Raw data:

──────────────────────────────

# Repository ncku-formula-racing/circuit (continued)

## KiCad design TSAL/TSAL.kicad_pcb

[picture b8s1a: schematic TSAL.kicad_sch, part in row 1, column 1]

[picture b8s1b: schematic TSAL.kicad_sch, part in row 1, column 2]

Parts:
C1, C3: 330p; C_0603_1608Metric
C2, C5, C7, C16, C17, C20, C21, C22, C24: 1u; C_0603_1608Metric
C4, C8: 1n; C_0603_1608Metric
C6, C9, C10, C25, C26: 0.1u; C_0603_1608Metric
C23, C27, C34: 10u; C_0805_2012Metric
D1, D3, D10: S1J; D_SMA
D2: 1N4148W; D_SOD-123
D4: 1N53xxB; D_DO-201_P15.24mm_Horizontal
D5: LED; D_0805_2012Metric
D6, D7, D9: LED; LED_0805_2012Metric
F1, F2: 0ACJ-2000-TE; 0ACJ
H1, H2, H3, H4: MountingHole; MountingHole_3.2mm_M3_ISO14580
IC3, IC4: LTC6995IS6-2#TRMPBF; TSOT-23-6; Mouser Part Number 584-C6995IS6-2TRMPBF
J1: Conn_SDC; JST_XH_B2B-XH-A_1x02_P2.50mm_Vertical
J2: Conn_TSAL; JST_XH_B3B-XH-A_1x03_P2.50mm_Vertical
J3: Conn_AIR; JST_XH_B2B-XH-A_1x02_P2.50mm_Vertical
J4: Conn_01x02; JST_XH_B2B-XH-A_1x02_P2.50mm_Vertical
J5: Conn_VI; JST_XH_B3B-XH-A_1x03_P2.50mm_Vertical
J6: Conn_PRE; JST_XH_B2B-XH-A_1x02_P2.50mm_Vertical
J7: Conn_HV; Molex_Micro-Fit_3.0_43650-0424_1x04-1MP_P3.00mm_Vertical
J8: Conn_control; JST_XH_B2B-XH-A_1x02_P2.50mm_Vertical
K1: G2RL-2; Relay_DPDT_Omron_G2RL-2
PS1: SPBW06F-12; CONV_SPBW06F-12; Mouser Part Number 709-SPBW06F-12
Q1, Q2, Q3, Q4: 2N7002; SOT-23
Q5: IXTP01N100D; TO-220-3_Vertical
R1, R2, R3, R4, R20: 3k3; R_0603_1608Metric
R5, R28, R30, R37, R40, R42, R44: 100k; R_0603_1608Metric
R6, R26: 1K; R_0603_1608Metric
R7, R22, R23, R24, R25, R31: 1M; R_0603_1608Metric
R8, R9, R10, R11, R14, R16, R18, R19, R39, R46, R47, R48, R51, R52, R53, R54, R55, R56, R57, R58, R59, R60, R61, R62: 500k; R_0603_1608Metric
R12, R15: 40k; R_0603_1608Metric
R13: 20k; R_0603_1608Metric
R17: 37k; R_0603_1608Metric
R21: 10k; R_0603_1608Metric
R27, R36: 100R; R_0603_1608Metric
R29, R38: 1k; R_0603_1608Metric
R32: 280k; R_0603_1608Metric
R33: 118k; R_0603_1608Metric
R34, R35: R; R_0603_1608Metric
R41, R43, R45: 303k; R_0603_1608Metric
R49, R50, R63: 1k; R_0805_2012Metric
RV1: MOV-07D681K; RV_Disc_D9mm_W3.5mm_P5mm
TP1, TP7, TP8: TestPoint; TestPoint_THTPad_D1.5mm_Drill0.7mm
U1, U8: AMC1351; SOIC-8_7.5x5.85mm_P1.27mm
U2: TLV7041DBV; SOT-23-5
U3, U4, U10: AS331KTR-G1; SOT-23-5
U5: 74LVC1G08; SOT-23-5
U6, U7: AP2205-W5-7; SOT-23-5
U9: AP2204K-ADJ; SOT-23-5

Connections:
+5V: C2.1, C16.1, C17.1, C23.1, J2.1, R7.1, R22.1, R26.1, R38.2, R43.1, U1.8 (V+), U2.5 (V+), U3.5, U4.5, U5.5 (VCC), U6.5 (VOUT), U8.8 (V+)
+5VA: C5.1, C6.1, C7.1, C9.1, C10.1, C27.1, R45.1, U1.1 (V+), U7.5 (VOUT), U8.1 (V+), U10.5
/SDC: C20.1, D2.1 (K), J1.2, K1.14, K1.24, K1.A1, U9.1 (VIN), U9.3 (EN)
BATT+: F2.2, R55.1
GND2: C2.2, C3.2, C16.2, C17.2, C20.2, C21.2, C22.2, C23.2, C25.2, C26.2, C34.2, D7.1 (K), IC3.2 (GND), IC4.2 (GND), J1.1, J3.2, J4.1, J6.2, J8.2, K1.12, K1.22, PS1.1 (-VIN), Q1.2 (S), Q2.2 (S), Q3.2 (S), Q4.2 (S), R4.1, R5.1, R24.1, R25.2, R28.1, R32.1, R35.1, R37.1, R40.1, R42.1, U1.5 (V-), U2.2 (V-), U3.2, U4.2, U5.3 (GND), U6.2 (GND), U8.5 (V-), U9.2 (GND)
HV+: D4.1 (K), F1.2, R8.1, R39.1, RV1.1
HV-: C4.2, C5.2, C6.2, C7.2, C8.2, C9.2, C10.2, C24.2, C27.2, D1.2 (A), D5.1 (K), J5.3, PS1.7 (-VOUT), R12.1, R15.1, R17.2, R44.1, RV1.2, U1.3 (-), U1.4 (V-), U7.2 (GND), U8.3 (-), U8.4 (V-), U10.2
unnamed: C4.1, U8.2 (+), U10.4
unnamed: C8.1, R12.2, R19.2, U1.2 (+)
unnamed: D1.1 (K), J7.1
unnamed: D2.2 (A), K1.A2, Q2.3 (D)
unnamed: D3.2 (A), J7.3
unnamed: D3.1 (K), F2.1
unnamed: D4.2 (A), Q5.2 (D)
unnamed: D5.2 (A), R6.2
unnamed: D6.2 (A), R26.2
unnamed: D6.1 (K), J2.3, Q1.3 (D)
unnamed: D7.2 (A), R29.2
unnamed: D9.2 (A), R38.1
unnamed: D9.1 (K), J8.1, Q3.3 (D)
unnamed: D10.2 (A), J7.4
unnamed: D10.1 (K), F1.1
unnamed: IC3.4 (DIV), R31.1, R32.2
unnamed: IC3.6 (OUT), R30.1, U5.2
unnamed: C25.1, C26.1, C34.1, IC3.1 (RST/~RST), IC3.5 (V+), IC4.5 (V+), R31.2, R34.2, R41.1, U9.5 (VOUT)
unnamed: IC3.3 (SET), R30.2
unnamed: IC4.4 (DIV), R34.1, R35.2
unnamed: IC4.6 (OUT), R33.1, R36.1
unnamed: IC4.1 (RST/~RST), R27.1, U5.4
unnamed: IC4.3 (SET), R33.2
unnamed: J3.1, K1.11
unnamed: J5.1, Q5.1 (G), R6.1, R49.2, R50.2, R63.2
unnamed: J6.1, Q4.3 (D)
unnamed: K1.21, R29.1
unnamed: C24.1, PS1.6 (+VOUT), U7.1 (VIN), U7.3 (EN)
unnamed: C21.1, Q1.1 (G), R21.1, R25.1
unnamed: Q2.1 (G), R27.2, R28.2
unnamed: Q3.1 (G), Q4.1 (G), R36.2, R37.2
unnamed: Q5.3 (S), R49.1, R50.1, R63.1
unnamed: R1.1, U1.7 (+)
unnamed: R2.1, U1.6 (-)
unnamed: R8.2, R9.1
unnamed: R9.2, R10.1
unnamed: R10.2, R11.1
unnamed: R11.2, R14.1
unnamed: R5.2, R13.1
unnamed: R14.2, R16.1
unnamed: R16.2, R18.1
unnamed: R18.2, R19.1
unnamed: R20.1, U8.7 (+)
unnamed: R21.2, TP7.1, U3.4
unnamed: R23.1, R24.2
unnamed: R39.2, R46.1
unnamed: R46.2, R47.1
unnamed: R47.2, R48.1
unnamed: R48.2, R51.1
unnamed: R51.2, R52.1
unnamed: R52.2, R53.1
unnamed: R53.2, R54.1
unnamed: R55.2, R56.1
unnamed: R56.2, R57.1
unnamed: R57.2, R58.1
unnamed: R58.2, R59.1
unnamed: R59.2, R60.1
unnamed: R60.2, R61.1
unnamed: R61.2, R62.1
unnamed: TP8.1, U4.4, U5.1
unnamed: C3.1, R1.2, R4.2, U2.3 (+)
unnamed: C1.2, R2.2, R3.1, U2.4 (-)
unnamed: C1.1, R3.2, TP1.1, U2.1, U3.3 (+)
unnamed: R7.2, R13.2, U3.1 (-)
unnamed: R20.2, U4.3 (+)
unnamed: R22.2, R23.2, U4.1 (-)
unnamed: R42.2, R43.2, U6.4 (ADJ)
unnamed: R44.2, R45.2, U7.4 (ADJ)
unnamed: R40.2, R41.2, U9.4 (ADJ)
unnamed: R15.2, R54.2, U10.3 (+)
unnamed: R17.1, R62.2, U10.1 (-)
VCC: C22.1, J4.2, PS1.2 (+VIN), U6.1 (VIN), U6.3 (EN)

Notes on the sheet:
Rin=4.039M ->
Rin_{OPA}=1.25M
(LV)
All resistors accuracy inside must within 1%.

──────────────────────────────

Work to be completed: Above are the records; repeat exactly the lines from the one holding "unnamed: J6.1, Q4.3 (D)" down to the one holding "unnamed: R58.2, R59.1", end lines included.

Response:
unnamed: J6.1, Q4.3 (D)
unnamed: K1.21, R29.1
unnamed: C24.1, PS1.6 (+VOUT), U7.1 (VIN), U7.3 (EN)
unnamed: C21.1, Q1.1 (G), R21.1, R25.1
unnamed: Q2.1 (G), R27.2, R28.2
unnamed: Q3.1 (G), Q4.1 (G), R36.2, R37.2
unnamed: Q5.3 (S), R49.1, R50.1, R63.1
unnamed: R1.1, U1.7 (+)
unnamed: R2.1, U1.6 (-)
unnamed: R8.2, R9.1
unnamed: R9.2, R10.1
unnamed: R10.2, R11.1
unnamed: R11.2, R14.1
unnamed: R5.2, R13.1
unnamed: R14.2, R16.1
unnamed: R16.2, R18.1
unnamed: R18.2, R19.1
unnamed: R20.1, U8.7 (+)
unnamed: R21.2, TP7.1, U3.4
unnamed: R23.1, R24.2
unnamed: R39.2, R46.1
unnamed: R46.2, R47.1
unnamed: R47.2, R48.1
unnamed: R48.2, R51.1
unnamed: R51.2, R52.1
unnamed: R52.2, R53.1
unnamed: R53.2, R54.1
unnamed: R55.2, R56.1
unnamed: R56.2, R57.1
unnamed: R57.2, R58.1
unnamed: R58.2, R59.1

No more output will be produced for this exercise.